THE PROBLEM
Collect the lines of the entries where "units" shows up.

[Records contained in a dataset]
————————

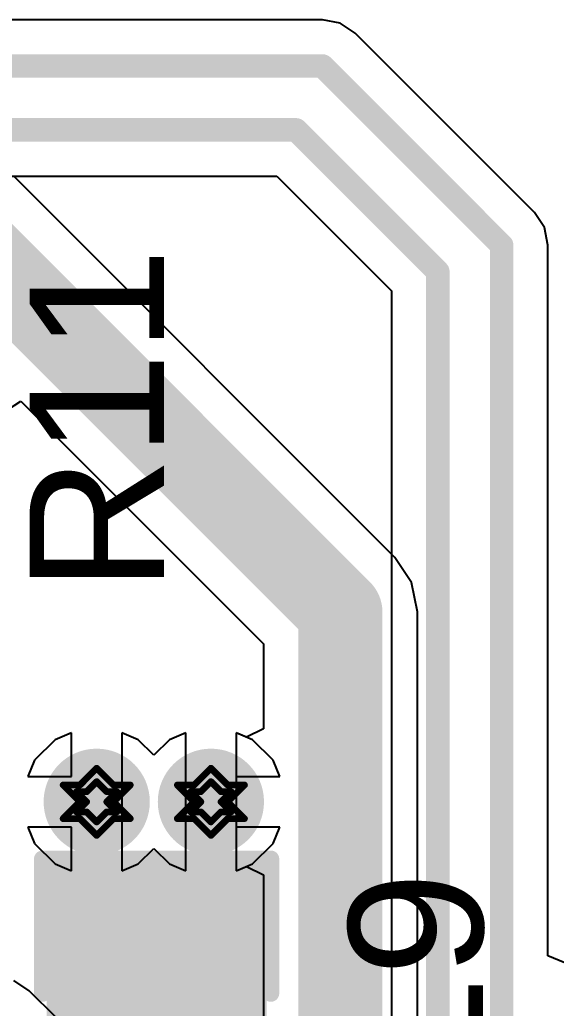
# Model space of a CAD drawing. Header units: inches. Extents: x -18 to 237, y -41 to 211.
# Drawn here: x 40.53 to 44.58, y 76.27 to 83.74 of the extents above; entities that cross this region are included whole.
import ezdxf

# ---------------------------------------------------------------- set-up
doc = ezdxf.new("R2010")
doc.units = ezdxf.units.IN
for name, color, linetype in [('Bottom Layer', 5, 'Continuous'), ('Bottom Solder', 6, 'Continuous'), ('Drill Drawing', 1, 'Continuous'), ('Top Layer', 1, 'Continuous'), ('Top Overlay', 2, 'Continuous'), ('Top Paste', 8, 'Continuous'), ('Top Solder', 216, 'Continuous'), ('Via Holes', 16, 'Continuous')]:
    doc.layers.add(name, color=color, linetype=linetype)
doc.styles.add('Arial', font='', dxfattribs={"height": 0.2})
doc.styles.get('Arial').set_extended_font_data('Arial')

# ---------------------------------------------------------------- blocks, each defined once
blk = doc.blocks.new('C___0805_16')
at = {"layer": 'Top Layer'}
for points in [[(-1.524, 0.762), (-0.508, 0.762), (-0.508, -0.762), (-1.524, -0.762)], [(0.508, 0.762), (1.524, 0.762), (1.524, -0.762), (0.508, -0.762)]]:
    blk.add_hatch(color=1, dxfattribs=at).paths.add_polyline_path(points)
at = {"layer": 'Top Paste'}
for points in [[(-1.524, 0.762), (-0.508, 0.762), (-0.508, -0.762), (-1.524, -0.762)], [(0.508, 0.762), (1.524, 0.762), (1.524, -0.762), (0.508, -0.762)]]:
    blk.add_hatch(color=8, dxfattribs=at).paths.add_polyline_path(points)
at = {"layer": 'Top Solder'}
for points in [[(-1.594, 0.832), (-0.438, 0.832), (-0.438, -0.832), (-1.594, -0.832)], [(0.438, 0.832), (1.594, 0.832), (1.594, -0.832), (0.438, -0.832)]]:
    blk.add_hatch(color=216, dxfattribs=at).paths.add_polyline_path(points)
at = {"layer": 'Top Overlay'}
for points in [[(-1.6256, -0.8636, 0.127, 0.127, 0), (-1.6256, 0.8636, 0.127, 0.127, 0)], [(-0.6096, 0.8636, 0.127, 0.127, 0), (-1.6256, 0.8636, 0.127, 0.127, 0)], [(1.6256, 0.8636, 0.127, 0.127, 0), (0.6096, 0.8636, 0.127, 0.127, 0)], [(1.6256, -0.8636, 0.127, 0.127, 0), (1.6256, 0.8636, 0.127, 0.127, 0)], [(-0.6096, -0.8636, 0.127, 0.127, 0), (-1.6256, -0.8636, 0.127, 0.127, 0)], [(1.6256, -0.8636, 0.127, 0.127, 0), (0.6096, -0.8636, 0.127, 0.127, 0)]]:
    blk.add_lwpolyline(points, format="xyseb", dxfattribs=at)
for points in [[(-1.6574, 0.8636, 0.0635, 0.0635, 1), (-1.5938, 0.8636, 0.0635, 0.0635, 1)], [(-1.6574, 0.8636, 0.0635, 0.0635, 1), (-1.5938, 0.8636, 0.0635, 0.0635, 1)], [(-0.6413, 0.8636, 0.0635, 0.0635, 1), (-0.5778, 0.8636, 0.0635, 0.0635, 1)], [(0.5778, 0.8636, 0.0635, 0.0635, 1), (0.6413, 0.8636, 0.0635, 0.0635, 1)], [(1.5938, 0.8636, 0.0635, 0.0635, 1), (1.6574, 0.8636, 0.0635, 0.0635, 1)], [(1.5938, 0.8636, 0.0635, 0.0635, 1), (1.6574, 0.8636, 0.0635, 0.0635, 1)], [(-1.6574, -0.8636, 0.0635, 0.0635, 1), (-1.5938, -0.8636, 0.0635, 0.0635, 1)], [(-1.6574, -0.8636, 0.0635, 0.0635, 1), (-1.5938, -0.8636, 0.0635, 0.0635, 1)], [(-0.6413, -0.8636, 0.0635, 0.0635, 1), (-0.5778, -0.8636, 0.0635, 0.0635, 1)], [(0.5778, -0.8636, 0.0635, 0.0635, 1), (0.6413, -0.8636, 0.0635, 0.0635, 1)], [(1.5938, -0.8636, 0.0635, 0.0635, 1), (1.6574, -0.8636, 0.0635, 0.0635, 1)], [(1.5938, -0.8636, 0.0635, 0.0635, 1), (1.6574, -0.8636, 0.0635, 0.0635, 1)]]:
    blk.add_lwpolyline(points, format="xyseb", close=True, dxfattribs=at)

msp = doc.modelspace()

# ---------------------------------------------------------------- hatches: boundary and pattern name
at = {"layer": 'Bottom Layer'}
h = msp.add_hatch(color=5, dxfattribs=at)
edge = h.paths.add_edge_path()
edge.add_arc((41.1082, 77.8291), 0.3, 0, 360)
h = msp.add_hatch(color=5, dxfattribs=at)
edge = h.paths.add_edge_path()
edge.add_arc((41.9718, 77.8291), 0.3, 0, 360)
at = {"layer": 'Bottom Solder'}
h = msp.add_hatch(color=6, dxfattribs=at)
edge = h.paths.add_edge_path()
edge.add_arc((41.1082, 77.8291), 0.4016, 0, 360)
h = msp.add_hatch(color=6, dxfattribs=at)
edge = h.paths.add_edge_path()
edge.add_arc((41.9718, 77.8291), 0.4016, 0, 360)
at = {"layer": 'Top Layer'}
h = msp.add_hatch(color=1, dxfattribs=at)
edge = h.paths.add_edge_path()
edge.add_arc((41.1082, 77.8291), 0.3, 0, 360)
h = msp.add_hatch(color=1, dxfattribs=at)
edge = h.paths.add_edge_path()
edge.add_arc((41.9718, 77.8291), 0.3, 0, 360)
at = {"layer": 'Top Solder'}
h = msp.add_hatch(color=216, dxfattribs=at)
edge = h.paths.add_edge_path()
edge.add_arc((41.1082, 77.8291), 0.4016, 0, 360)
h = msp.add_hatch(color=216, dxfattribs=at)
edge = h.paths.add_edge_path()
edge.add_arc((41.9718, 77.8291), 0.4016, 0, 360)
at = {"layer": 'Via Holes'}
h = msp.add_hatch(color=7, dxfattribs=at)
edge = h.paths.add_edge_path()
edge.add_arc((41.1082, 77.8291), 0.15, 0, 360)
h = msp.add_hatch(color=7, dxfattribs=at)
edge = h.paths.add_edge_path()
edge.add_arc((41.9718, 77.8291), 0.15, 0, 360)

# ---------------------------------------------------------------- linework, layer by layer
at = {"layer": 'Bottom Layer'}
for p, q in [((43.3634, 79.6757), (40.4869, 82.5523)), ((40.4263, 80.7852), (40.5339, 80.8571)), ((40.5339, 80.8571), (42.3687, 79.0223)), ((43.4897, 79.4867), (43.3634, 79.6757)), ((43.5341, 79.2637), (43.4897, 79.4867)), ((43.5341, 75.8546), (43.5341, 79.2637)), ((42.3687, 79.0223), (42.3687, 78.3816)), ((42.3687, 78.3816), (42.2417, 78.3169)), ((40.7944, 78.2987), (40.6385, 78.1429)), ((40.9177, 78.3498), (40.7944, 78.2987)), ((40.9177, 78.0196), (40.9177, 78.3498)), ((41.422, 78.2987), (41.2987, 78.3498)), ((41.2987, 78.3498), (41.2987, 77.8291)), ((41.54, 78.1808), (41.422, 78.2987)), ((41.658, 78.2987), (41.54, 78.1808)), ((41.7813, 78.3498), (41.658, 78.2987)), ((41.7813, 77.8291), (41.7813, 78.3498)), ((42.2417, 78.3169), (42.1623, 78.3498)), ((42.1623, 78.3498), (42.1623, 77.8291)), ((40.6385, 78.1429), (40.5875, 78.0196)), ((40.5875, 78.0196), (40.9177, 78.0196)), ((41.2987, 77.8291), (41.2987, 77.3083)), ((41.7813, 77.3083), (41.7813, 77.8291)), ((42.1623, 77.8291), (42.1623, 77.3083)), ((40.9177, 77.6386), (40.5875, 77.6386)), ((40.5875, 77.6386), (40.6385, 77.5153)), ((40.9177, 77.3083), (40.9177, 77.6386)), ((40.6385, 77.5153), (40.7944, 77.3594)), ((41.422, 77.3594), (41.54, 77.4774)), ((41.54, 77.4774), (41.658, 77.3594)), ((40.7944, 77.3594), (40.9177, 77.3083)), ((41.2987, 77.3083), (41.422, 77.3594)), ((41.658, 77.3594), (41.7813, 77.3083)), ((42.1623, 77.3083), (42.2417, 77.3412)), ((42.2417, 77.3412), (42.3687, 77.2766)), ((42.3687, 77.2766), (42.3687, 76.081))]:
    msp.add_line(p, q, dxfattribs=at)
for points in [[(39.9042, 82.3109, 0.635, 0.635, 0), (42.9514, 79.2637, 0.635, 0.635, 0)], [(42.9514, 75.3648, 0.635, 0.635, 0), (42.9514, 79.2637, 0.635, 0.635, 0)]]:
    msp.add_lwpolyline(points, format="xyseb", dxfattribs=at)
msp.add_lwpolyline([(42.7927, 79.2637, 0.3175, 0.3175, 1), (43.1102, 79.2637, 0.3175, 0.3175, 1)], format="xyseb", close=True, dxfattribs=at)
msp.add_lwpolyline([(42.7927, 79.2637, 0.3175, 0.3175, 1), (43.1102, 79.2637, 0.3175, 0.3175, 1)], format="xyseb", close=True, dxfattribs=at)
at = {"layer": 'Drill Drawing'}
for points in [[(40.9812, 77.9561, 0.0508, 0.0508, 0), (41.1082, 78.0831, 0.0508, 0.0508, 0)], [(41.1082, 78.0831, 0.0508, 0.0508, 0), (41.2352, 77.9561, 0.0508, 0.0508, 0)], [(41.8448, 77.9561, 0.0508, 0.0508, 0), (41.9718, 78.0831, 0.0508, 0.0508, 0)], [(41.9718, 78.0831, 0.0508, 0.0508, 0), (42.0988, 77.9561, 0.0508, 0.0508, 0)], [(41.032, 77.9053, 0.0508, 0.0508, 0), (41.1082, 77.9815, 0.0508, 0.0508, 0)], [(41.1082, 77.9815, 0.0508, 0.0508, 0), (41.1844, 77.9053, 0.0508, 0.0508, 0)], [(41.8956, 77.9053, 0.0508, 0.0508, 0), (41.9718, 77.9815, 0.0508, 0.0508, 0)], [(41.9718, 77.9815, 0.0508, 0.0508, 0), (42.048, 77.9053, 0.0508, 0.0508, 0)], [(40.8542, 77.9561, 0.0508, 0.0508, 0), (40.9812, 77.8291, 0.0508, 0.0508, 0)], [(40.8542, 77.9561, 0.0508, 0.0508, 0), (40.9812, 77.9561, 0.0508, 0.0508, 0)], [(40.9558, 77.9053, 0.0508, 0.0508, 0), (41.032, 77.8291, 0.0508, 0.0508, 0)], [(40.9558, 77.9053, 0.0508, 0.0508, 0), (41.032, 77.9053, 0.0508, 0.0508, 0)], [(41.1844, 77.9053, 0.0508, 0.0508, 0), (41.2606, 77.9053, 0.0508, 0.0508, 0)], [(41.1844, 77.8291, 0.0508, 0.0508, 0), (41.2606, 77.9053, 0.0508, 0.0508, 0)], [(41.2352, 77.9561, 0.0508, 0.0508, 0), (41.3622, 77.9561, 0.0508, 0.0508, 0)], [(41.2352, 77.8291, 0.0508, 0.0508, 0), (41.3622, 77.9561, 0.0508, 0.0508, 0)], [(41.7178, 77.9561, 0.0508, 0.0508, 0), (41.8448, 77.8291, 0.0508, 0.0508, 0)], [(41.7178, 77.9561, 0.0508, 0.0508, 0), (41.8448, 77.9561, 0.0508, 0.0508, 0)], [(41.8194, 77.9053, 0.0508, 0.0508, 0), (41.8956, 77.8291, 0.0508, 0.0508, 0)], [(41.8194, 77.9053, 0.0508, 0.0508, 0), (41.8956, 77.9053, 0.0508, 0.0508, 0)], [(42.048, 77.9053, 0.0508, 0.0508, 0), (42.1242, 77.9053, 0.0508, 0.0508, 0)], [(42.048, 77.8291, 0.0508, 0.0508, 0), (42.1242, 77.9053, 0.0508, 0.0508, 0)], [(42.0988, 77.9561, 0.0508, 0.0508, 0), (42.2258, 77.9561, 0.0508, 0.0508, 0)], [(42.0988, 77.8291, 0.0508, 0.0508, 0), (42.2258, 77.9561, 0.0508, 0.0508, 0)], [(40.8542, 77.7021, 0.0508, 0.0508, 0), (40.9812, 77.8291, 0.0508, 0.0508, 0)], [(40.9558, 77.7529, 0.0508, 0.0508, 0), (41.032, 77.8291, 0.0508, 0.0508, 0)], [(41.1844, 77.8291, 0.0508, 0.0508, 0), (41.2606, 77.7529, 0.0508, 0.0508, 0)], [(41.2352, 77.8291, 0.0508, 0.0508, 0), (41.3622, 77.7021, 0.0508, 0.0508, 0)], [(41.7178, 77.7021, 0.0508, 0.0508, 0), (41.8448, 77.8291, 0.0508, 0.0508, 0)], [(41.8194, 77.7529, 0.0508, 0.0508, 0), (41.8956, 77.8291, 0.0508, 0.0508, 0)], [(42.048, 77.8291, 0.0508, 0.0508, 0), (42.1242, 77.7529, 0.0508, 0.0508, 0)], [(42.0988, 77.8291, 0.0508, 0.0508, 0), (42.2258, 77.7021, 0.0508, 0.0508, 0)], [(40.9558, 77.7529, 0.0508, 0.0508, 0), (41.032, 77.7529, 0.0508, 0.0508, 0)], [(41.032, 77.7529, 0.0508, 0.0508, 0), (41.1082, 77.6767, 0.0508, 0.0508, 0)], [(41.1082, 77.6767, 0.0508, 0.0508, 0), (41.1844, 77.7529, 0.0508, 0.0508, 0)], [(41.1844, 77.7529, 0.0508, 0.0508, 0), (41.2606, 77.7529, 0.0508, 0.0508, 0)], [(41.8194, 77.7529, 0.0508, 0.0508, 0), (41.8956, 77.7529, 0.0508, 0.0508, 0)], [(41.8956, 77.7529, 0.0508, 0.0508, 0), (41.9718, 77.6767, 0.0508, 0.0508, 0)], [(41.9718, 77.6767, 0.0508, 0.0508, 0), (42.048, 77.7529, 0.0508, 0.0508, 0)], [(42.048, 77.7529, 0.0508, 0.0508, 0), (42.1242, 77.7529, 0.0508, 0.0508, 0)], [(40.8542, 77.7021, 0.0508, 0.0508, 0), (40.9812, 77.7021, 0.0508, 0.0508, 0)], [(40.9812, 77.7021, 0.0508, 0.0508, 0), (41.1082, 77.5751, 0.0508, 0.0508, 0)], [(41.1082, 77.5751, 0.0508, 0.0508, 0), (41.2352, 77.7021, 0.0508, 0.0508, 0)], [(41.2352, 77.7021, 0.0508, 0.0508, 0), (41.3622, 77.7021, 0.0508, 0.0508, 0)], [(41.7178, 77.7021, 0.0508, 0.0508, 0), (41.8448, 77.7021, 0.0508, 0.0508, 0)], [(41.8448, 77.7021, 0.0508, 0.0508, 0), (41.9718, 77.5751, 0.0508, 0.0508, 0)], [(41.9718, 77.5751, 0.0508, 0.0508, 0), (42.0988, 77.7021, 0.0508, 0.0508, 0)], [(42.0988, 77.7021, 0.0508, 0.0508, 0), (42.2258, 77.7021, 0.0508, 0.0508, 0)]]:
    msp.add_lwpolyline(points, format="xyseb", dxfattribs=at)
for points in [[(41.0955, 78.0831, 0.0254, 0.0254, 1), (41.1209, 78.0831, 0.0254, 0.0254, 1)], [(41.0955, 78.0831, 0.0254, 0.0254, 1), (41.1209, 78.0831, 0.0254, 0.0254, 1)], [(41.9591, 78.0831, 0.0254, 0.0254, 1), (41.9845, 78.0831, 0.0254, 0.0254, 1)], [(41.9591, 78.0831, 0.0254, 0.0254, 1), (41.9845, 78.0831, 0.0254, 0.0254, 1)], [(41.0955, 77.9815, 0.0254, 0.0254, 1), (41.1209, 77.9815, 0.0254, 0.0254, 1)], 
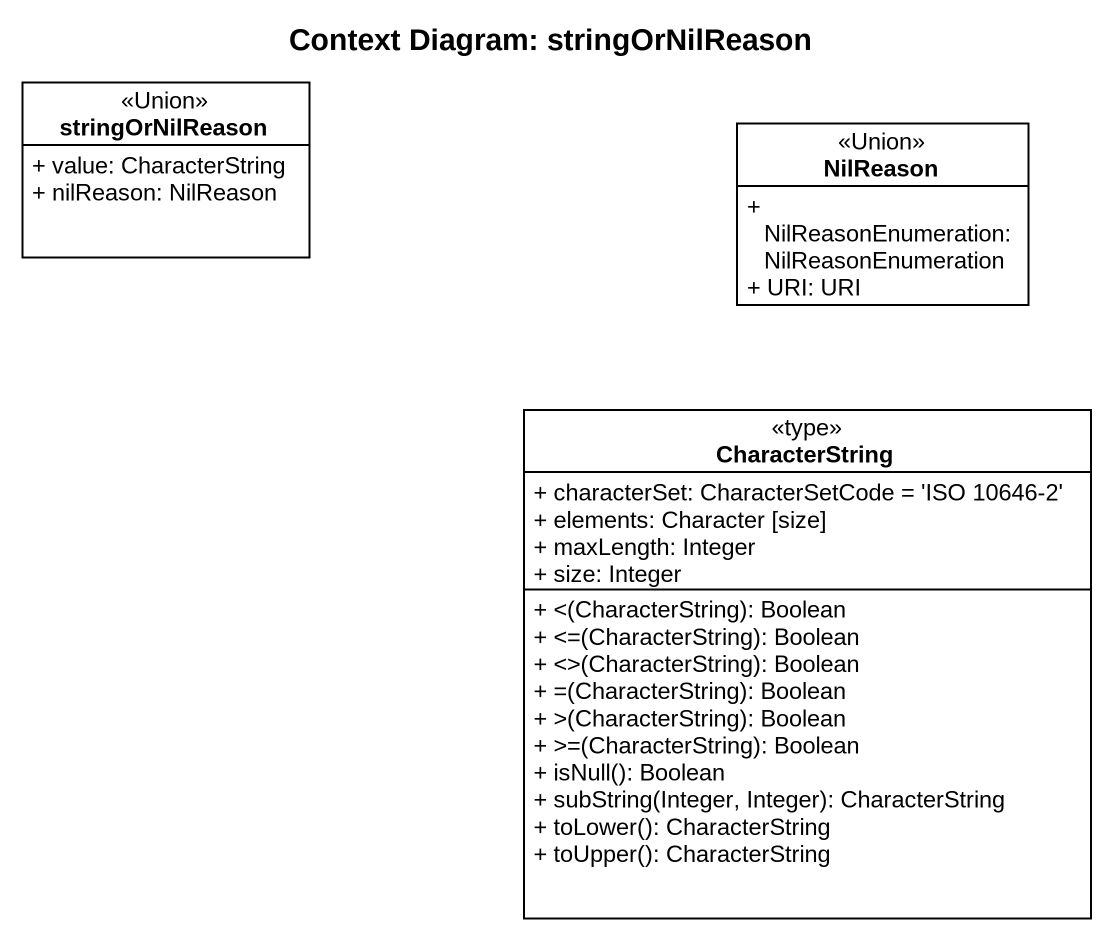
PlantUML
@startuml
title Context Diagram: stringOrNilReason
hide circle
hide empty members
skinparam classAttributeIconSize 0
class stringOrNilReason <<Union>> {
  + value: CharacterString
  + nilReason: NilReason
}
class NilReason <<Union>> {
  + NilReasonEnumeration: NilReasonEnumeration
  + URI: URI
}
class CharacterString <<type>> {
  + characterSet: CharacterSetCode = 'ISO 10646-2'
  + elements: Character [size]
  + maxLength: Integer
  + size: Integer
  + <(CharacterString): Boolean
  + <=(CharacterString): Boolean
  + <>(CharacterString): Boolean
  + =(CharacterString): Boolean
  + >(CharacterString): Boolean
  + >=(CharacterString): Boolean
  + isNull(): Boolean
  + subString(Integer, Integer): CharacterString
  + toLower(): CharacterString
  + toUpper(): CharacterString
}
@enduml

————————

ANSWER
# Model space of a CAD drawing. Header units: inches. Extents: x -18 to 237, y -41 to 211.
doc.units = ezdxf.units.IN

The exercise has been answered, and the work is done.